The opportunity for ticket-splitting can stem from either a disliked incumbent (e.g., Republican Sen. Thom Tillis of North Carolina) or a stellar challenger (Democratic Alaska Senate candidate Al Gross facing a nondescript incumbent Republican Sen. Dan Sullivan; Democratic Montana Gov. Steve Bullock running to unseat a lackluster Republican Sen. Steve Daines). Most likely, it’s a combination of the two (e.g., Republican Sen. Lindsey O. Graham of South Carolina facing off against Democrat Jaime Harrison; Republican Sen. Martha McSally of Arizona against Democrat Mark Kelly; and Republican Sen. Kelly Loeffler of Georgia, running in a special election against Democrat Raphael Warnock).

Graham looks more panicked each time he goes on TV to plead for money. His migration from virulent Trump critic to Trump sycophant has convinced people on both sides of the aisle that he is a shameless panderer.

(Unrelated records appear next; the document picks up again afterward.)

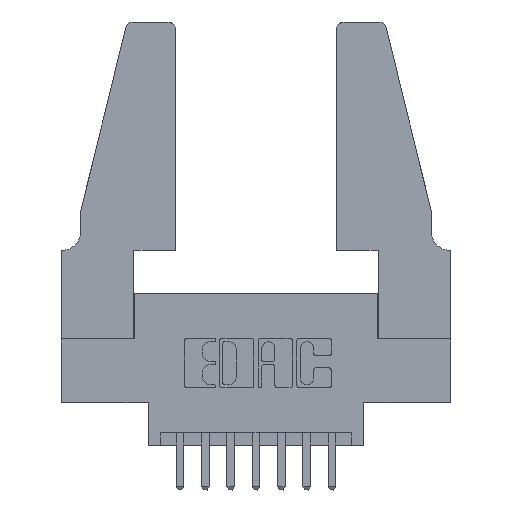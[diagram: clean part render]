
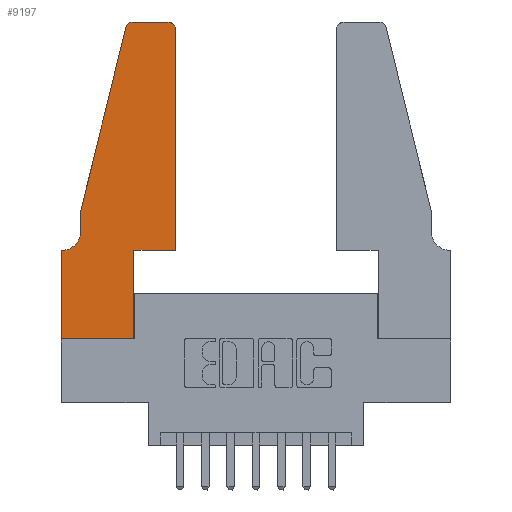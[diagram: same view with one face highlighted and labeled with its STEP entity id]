
A CAD part, top view. The second image highlights one B-rep face of the part: STEP entity #9197.
In plain terms, the highlighted planar face has unit normal (0, 0, 1).
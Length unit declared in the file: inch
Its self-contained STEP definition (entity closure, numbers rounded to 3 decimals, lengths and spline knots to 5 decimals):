
#102 = VECTOR ( 'NONE', #3082, 39.37008 ) ;
#119 = CARTESIAN_POINT ( 'NONE',  ( 0.2865, 0.35, 0.37 ) ) ;
#718 = CARTESIAN_POINT ( 'NONE',  ( 0., 0., 0.37 ) ) ;
#839 = CARTESIAN_POINT ( 'NONE',  ( 0., 0.35, 0.37 ) ) ;
#893 = ORIENTED_EDGE ( 'NONE', *, *, #7593, .T. ) ;
#1165 = CARTESIAN_POINT ( 'NONE',  ( 0., 0., 0.37 ) ) ;
#1205 = CARTESIAN_POINT ( 'NONE',  ( 0.0055, 0.42, 0.37 ) ) ;
#1325 = AXIS2_PLACEMENT_3D ( 'NONE', #2887, #12177, #12002 ) ;
#1845 = DIRECTION ( 'NONE',  ( 0., 0., 1. ) ) ;
#2070 = EDGE_CURVE ( 'NONE', #10418, #9541, #8364, .T. ) ;
#2149 = ORIENTED_EDGE ( 'NONE', *, *, #3983, .T. ) ;
#2203 = ORIENTED_EDGE ( 'NONE', *, *, #10061, .T. ) ;
#2227 = DIRECTION ( 'NONE',  ( -1., 0., 0. ) ) ;
#2887 = CARTESIAN_POINT ( 'NONE',  ( 0.4205, 1.22, 0.37 ) ) ;
#2904 = CARTESIAN_POINT ( 'NONE',  ( 0.4505, 0.35, 0.37 ) ) ;
#2987 = LINE ( 'NONE', #2904, #7584 ) ;
#3082 = DIRECTION ( 'NONE',  ( -0.239, -0.971, 0. ) ) ;
#3203 = LINE ( 'NONE', #12402, #10354 ) ;
#3294 = ORIENTED_EDGE ( 'NONE', *, *, #8754, .T. ) ;
#3311 = CARTESIAN_POINT ( 'NONE',  ( 0.4505, 0.35, 0.37 ) ) ;
#3391 = LINE ( 'NONE', #5041, #102 ) ;
#3848 = VERTEX_POINT ( 'NONE', #3869 ) ;
#3859 = AXIS2_PLACEMENT_3D ( 'NONE', #1205, #8056, #2227 ) ;
#3869 = CARTESIAN_POINT ( 'NONE',  ( 0.0755, 0.42, 0.37 ) ) ;
#3887 = DIRECTION ( 'NONE',  ( 1., 0., 0. ) ) ;
#3983 = EDGE_CURVE ( 'NONE', #5295, #10418, #10286, .T. ) ;
#4017 = CARTESIAN_POINT ( 'NONE',  ( 0.2865, 0.35, 0.37 ) ) ;
#4251 = DIRECTION ( 'NONE',  ( 0., 1., 0. ) ) ;
#4399 = CARTESIAN_POINT ( 'NONE',  ( 0.284, 1.22, 0.37 ) ) ;
#4475 = ORIENTED_EDGE ( 'NONE', *, *, #7922, .T. ) ;
#4484 = EDGE_CURVE ( 'NONE', #10016, #7573, #4821, .T. ) ;
#4821 = LINE ( 'NONE', #4017, #9651 ) ;
#4830 = VECTOR ( 'NONE', #4251, 39.37008 ) ;
#4910 = CARTESIAN_POINT ( 'NONE',  ( 0.0755, 0.5, 0.37 ) ) ;
#5041 = CARTESIAN_POINT ( 'NONE',  ( 0.0755, 0.5, 0.37 ) ) ;
#5295 = VERTEX_POINT ( 'NONE', #3311 ) ;
#5364 = DIRECTION ( 'NONE',  ( 1., 0., 0. ) ) ;
#5494 = VECTOR ( 'NONE', #8556, 39.37008 ) ;
#5594 = CIRCLE ( 'NONE', #12594, 0.03 ) ;
#5619 = ORIENTED_EDGE ( 'NONE', *, *, #7307, .T. ) ;
#5625 = ORIENTED_EDGE ( 'NONE', *, *, #11910, .T. ) ;
#5819 = CARTESIAN_POINT ( 'NONE',  ( 0.4505, 1.22, 0.37 ) ) ;
#5969 = ORIENTED_EDGE ( 'NONE', *, *, #7957, .T. ) ;
#6007 = CARTESIAN_POINT ( 'NONE',  ( 0.0755, 0.35, 0.37 ) ) ;
#6198 = CARTESIAN_POINT ( 'NONE',  ( 0.4505, 0.35, 0.37 ) ) ;
#6222 = EDGE_CURVE ( 'NONE', #11079, #11817, #3391, .T. ) ;
#6277 = CARTESIAN_POINT ( 'NONE',  ( 0.284, 1.25, 0.37 ) ) ;
#6595 = CARTESIAN_POINT ( 'NONE',  ( 0.0755, 0.5, 0.37 ) ) ;
#6711 = PLANE ( 'NONE',  #10110 ) ;
#6757 = CARTESIAN_POINT ( 'NONE',  ( 0.25487, 1.22718, 0.37 ) ) ;
#6986 = DIRECTION ( 'NONE',  ( -1., 0., 0. ) ) ;
#7307 = EDGE_CURVE ( 'NONE', #8731, #10016, #11272, .T. ) ;
#7573 = VERTEX_POINT ( 'NONE', #119 ) ;
#7584 = VECTOR ( 'NONE', #3887, 39.37008 ) ;
#7593 = EDGE_CURVE ( 'NONE', #12225, #8731, #12317, .T. ) ;
#7643 = CIRCLE ( 'NONE', #3859, 0.07 ) ;
#7922 = EDGE_CURVE ( 'NONE', #11817, #3848, #10669, .T. ) ;
#7957 = EDGE_CURVE ( 'NONE', #9541, #11425, #3203, .T. ) ;
#8056 = DIRECTION ( 'NONE',  ( 0., 0., -1. ) ) ;
#8085 = VECTOR ( 'NONE', #11419, 39.37008 ) ;
#8172 = CARTESIAN_POINT ( 'NONE',  ( 0.2865, 0., 0.37 ) ) ;
#8364 = CIRCLE ( 'NONE', #1325, 0.03 ) ;
#8556 = DIRECTION ( 'NONE',  ( 1., 0., 0. ) ) ;
#8649 = DIRECTION ( 'NONE',  ( 1., 0., 0. ) ) ;
#8674 = CARTESIAN_POINT ( 'NONE',  ( 0., 0.35, 0.37 ) ) ;
#8731 = VERTEX_POINT ( 'NONE', #1165 ) ;
#8754 = EDGE_CURVE ( 'NONE', #3848, #9756, #7643, .T. ) ;
#9197 = ADVANCED_FACE ( 'NONE', ( #11841 ), #6711, .T. ) ;
#9541 = VERTEX_POINT ( 'NONE', #12117 ) ;
#9651 = VECTOR ( 'NONE', #10778, 39.37008 ) ;
#9741 = VECTOR ( 'NONE', #11892, 39.37008 ) ;
#9756 = VERTEX_POINT ( 'NONE', #12415 ) ;
#9891 = ORIENTED_EDGE ( 'NONE', *, *, #11765, .T. ) ;
#10016 = VERTEX_POINT ( 'NONE', #8172 ) ;
#10061 = EDGE_CURVE ( 'NONE', #11425, #11079, #5594, .T. ) ;
#10110 = AXIS2_PLACEMENT_3D ( 'NONE', #839, #1845, #8649 ) ;
#10286 = LINE ( 'NONE', #6198, #4830 ) ;
#10354 = VECTOR ( 'NONE', #11465, 39.37008 ) ;
#10418 = VERTEX_POINT ( 'NONE', #5819 ) ;
#10669 = LINE ( 'NONE', #6595, #8085 ) ;
#10778 = DIRECTION ( 'NONE',  ( 0., 1., 0. ) ) ;
#10916 = CARTESIAN_POINT ( 'NONE',  ( 0., 0., 0.37 ) ) ;
#11079 = VERTEX_POINT ( 'NONE', #6757 ) ;
#11186 = DIRECTION ( 'NONE',  ( 0., 0., 1. ) ) ;
#11193 = VECTOR ( 'NONE', #6986, 39.37008 ) ;
#11272 = LINE ( 'NONE', #718, #5494 ) ;
#11419 = DIRECTION ( 'NONE',  ( 0., -1., 0. ) ) ;
#11425 = VERTEX_POINT ( 'NONE', #6277 ) ;
#11449 = ORIENTED_EDGE ( 'NONE', *, *, #2070, .T. ) ;
#11465 = DIRECTION ( 'NONE',  ( -1., 0., 0. ) ) ;
#11712 = ORIENTED_EDGE ( 'NONE', *, *, #4484, .T. ) ;
#11743 = EDGE_LOOP ( 'NONE', ( #5969, #2203, #11853, #4475, #3294, #5625, #893, #5619, #11712, #9891, #2149, #11449 ) ) ;
#11765 = EDGE_CURVE ( 'NONE', #7573, #5295, #2987, .T. ) ;
#11797 = LINE ( 'NONE', #6007, #11193 ) ;
#11817 = VERTEX_POINT ( 'NONE', #4910 ) ;
#11841 = FACE_OUTER_BOUND ( 'NONE', #11743, .T. ) ;
#11853 = ORIENTED_EDGE ( 'NONE', *, *, #6222, .T. ) ;
#11892 = DIRECTION ( 'NONE',  ( 0., -1., 0. ) ) ;
#11910 = EDGE_CURVE ( 'NONE', #9756, #12225, #11797, .T. ) ;
#12002 = DIRECTION ( 'NONE',  ( 1., 0., 0. ) ) ;
#12117 = CARTESIAN_POINT ( 'NONE',  ( 0.4205, 1.25, 0.37 ) ) ;
#12177 = DIRECTION ( 'NONE',  ( 0., 0., 1. ) ) ;
#12225 = VERTEX_POINT ( 'NONE', #8674 ) ;
#12317 = LINE ( 'NONE', #10916, #9741 ) ;
#12402 = CARTESIAN_POINT ( 'NONE',  ( 0.2605, 1.25, 0.37 ) ) ;
#12415 = CARTESIAN_POINT ( 'NONE',  ( 0.0055, 0.35, 0.37 ) ) ;
#12594 = AXIS2_PLACEMENT_3D ( 'NONE', #4399, #11186, #5364 ) ;

We should also remember that some of the weakest Republican candidates (Sullivan, Sen. Joni Ernst of Iowa, Sen. Cory Gardner of Colorado) first got elected in an off-year election in the middle of a president’s second term. Some of them have never faced well-funded, viable opponents before.

In many of the competitive races, Republicans have risked their seats by jamming through the confirmation of Supreme Court Justice Amy Coney Barrett, who is perceived as antagonistic to Obamacare. Meanwhile, a desperately needed stimulus bill continues to languish. This is precisely the message Senate Democrats used to make the four-day Barrett hearings into a advertisement against Senate Republicans.

It might be that Biden comfortably wins the election while Democrats rack up a slew of Senate seats not previously thought competitive. If so, Democrats can thank Senate Minority Leader Charles E. Schumer (D-N.Y.) for recruiting one of the best set of challengers in recent memory, but also Trump and Senate Majority Leader Mitch McConnell (R-Ky.) for prioritizing the repeal of Obamacare (with the confirmation of Trump’s third right-wing Supreme Court appointee) over the needs of their constituents. Donors and activists may like the ideological extremism, but voters expect their representatives to look after them and their families.